<<<<

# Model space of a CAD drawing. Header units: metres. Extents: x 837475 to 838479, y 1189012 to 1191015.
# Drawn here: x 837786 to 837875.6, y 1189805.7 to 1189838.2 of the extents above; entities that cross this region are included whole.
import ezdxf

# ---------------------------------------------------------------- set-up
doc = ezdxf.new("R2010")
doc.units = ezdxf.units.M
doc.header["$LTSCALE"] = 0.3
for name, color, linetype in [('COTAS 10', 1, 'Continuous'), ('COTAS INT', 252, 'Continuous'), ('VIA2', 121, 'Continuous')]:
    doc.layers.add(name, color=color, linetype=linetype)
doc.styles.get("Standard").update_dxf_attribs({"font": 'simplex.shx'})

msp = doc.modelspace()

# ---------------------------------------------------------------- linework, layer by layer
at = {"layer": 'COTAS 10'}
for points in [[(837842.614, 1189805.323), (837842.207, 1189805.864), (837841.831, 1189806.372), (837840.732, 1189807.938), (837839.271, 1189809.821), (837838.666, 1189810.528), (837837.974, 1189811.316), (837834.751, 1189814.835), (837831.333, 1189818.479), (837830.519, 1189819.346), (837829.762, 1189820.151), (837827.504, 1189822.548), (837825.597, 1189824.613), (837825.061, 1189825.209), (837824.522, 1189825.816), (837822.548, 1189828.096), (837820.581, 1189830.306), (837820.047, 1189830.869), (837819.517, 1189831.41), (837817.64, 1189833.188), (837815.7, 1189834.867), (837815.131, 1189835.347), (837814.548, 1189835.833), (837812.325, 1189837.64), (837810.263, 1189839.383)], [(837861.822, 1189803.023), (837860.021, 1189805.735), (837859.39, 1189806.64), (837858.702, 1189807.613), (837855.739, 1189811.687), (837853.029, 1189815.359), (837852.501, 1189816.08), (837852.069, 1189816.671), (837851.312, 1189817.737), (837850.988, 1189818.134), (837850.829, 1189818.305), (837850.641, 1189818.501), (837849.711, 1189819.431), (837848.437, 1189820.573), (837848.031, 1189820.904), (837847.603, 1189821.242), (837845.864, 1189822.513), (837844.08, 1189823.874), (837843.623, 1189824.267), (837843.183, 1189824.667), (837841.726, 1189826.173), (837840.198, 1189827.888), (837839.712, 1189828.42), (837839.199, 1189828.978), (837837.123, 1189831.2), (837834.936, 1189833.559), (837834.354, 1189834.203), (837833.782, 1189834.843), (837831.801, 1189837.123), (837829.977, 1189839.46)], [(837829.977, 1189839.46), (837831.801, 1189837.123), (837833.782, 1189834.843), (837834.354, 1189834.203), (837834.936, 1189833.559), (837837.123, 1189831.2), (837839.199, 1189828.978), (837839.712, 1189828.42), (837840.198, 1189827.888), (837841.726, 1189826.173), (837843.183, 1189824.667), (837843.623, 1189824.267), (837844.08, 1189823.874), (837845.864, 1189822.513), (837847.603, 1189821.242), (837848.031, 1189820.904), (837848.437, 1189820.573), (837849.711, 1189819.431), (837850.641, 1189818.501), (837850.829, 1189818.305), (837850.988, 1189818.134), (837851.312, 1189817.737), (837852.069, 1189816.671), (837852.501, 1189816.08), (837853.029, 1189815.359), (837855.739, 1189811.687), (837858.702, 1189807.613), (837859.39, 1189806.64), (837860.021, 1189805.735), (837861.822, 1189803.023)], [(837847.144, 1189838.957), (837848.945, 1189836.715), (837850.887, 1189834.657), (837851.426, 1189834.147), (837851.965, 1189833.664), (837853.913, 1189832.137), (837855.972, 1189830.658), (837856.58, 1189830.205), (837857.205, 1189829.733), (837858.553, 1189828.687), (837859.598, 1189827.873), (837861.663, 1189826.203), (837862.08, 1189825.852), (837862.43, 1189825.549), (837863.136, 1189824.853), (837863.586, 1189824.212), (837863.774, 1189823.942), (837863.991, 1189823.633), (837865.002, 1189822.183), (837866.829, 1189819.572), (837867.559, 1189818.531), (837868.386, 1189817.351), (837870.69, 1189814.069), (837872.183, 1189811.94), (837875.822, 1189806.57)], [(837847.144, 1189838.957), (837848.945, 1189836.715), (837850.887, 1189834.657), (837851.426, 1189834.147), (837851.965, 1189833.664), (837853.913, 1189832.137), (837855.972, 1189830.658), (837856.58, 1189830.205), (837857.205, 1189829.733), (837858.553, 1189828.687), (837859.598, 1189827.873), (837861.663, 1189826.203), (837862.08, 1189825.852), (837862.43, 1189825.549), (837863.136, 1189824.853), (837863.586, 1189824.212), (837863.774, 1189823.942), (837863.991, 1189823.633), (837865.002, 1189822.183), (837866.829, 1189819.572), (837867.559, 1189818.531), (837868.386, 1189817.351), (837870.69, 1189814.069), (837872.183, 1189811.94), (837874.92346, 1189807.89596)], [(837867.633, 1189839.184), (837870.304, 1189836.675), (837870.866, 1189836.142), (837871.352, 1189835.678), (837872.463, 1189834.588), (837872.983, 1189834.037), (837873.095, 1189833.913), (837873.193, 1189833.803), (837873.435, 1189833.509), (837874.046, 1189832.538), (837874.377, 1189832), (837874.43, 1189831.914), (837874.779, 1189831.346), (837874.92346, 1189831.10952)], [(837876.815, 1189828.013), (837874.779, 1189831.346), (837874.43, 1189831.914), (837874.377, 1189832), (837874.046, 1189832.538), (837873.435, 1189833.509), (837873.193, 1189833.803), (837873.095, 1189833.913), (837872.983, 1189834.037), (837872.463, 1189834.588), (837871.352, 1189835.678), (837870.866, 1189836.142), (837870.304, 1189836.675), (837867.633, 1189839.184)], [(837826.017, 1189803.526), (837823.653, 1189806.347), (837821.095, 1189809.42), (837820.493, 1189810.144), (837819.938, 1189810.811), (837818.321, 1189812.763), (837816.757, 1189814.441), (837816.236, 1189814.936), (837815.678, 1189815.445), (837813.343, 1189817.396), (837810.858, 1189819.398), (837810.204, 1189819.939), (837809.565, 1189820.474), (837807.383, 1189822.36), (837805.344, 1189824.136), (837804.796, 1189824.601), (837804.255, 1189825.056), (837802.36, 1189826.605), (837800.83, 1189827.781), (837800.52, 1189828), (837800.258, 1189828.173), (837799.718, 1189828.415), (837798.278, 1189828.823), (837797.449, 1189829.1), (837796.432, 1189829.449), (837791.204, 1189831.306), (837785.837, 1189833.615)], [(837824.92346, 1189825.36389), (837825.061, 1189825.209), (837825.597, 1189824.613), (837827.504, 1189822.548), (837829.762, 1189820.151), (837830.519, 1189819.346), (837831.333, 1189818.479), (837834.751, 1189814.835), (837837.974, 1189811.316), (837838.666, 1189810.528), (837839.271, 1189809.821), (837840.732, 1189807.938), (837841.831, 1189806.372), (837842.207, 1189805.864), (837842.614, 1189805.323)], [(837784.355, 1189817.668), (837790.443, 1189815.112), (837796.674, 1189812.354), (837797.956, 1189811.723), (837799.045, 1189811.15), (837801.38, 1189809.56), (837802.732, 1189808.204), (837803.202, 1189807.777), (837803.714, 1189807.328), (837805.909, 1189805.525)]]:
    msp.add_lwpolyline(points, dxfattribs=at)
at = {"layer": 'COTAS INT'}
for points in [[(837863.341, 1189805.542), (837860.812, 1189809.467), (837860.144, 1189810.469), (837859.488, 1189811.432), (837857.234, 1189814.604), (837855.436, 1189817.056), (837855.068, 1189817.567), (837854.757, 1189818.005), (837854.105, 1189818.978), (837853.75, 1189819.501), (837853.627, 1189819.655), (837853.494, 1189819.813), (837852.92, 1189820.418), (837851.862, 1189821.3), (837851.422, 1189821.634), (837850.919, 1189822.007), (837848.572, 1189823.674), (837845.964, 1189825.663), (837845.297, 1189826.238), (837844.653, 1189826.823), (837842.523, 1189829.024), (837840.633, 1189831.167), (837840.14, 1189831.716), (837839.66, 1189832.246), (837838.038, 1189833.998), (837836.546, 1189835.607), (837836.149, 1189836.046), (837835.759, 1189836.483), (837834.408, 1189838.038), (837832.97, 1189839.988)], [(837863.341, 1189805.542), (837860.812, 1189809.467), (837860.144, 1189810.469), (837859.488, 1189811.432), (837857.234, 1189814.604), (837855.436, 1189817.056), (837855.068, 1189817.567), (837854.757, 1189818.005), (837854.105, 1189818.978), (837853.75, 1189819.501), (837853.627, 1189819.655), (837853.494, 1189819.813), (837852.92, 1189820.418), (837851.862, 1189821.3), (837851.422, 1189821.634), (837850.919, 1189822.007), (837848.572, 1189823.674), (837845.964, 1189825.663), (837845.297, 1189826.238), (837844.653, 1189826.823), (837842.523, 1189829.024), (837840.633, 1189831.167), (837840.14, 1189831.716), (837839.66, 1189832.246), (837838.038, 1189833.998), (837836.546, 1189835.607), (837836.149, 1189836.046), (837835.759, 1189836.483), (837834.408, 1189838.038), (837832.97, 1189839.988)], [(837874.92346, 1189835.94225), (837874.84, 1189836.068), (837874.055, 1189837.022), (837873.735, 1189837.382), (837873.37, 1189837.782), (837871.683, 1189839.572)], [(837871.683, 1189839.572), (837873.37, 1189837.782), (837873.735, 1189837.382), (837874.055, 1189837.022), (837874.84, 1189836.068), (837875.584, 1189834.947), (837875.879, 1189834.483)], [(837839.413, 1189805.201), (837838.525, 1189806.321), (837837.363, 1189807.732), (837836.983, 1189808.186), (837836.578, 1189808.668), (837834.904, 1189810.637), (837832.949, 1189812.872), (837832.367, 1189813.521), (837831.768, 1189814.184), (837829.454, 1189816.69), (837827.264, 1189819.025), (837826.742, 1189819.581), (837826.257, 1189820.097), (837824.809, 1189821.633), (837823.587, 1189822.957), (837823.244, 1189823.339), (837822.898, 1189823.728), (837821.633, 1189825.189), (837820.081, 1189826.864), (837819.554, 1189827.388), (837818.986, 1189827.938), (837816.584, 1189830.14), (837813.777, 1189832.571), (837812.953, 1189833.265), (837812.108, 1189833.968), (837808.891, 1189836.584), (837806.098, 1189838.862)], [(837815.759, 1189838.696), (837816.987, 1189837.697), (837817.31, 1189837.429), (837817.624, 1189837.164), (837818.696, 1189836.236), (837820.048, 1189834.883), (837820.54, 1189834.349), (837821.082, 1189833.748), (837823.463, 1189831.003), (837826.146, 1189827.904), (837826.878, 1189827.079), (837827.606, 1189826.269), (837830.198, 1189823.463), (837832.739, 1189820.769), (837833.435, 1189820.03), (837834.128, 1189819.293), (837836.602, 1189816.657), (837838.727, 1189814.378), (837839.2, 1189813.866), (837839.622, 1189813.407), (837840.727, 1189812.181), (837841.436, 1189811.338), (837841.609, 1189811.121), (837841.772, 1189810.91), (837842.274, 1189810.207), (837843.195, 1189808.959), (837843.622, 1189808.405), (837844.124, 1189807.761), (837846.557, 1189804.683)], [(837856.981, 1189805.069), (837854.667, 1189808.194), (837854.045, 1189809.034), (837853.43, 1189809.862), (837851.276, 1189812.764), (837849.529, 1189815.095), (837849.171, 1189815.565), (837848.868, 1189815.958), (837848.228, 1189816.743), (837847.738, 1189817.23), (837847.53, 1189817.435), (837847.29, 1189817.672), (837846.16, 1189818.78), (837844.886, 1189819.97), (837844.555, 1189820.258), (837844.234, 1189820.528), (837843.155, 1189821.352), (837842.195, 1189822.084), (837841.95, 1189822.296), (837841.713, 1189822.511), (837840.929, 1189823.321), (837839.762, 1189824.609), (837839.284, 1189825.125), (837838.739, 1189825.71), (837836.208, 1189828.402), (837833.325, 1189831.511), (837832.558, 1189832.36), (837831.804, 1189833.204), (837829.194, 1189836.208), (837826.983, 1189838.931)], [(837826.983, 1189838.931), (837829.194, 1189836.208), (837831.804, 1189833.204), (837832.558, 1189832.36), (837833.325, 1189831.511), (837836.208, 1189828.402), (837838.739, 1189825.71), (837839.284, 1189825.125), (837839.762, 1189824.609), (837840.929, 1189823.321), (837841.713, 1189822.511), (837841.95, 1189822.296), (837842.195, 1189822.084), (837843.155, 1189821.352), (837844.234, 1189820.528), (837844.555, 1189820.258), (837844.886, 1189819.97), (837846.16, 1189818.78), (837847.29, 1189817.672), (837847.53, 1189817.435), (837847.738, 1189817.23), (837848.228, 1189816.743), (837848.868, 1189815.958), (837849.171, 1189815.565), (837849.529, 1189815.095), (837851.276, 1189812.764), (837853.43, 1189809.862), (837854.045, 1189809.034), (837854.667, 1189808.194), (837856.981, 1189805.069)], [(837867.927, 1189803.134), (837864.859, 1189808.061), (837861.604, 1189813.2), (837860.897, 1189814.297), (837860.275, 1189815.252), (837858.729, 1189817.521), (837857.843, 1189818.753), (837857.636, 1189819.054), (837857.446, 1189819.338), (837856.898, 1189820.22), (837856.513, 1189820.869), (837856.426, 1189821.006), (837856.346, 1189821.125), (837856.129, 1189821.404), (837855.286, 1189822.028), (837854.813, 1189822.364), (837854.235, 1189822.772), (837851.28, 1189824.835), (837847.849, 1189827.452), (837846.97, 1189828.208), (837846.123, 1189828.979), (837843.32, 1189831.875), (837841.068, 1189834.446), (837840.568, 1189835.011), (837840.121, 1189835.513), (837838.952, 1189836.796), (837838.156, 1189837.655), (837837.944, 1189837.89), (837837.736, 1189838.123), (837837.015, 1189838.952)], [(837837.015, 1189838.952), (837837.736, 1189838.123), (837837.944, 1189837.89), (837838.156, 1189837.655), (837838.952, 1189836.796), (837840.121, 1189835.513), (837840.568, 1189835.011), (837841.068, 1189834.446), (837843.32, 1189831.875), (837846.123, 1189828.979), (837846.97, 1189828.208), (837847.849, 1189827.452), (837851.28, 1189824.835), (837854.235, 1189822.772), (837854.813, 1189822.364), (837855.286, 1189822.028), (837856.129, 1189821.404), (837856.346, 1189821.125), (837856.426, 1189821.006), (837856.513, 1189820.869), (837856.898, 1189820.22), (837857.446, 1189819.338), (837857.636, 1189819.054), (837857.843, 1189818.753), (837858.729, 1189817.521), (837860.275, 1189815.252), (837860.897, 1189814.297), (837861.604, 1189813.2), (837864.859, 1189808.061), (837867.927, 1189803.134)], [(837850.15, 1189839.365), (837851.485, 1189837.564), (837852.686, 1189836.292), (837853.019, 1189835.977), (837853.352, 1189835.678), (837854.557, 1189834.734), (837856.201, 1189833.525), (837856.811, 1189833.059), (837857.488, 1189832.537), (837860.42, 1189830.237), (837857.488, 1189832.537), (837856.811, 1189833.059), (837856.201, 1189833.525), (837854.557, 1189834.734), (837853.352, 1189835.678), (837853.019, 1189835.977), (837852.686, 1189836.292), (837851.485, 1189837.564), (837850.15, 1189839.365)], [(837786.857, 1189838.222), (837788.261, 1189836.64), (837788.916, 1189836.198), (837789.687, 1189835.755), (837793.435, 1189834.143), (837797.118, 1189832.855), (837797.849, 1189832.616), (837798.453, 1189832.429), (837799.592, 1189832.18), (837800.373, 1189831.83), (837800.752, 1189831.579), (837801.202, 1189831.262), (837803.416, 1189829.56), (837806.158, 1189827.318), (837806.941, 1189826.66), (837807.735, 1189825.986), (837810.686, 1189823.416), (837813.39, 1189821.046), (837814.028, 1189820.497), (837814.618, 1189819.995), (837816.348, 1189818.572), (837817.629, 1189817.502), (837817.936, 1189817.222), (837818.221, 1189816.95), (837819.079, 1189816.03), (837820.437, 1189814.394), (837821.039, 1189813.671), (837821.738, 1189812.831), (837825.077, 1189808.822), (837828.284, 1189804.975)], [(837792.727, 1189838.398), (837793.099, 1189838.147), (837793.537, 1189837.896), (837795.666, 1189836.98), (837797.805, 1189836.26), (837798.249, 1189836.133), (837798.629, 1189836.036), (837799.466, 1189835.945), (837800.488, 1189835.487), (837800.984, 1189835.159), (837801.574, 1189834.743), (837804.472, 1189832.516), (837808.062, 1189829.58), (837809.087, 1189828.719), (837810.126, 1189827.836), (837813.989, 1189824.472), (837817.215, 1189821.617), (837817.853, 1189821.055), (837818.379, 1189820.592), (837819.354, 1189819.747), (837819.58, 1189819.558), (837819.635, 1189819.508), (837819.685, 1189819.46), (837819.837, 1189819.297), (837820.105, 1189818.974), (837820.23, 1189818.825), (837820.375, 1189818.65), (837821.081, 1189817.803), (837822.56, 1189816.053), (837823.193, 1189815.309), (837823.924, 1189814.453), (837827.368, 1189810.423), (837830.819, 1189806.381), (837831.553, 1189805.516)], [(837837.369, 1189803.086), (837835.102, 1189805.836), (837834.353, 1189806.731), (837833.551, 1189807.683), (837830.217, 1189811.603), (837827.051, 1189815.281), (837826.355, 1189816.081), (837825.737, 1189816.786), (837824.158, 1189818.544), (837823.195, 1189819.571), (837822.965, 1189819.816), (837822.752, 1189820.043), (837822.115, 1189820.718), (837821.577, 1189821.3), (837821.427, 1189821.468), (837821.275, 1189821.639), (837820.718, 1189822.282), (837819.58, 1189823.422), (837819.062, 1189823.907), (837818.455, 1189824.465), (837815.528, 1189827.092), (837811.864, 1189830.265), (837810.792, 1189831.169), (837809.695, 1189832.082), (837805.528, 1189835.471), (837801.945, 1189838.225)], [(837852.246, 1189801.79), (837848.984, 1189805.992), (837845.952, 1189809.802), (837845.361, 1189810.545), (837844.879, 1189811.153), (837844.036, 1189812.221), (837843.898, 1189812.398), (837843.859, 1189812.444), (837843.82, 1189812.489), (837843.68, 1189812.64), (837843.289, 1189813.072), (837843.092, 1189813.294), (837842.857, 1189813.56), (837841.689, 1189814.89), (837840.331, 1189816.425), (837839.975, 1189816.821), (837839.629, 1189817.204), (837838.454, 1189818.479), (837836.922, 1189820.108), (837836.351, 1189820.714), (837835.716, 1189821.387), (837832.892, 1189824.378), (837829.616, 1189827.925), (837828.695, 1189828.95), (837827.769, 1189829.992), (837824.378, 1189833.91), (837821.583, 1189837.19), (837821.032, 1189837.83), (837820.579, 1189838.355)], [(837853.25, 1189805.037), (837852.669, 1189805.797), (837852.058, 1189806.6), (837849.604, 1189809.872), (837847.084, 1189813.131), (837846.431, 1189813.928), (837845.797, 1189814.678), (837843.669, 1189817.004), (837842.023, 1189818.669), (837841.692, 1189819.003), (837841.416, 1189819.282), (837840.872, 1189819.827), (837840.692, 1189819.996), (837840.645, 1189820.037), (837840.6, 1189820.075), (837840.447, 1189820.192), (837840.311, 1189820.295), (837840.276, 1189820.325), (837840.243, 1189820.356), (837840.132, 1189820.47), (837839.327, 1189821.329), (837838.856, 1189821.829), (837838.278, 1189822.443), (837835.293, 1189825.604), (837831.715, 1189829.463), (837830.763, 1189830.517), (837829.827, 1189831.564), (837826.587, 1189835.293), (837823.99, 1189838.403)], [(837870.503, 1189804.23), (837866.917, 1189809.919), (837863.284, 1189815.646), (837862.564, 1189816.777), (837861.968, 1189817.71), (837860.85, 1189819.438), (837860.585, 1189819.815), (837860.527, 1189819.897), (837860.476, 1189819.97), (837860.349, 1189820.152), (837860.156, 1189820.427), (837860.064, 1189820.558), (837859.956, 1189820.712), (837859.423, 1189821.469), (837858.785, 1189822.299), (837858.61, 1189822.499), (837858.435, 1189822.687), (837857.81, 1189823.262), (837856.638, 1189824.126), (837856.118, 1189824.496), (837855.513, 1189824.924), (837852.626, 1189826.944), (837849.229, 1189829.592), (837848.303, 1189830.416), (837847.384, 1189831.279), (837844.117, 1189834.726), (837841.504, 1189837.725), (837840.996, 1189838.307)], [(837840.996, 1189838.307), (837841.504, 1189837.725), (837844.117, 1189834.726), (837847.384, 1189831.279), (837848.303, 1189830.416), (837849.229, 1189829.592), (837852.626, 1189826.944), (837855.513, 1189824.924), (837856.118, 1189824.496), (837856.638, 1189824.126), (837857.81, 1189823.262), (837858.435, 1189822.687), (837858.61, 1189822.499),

>>>>

Across the listing above, count every line containing the string "linetype" and give the result with no comment.

2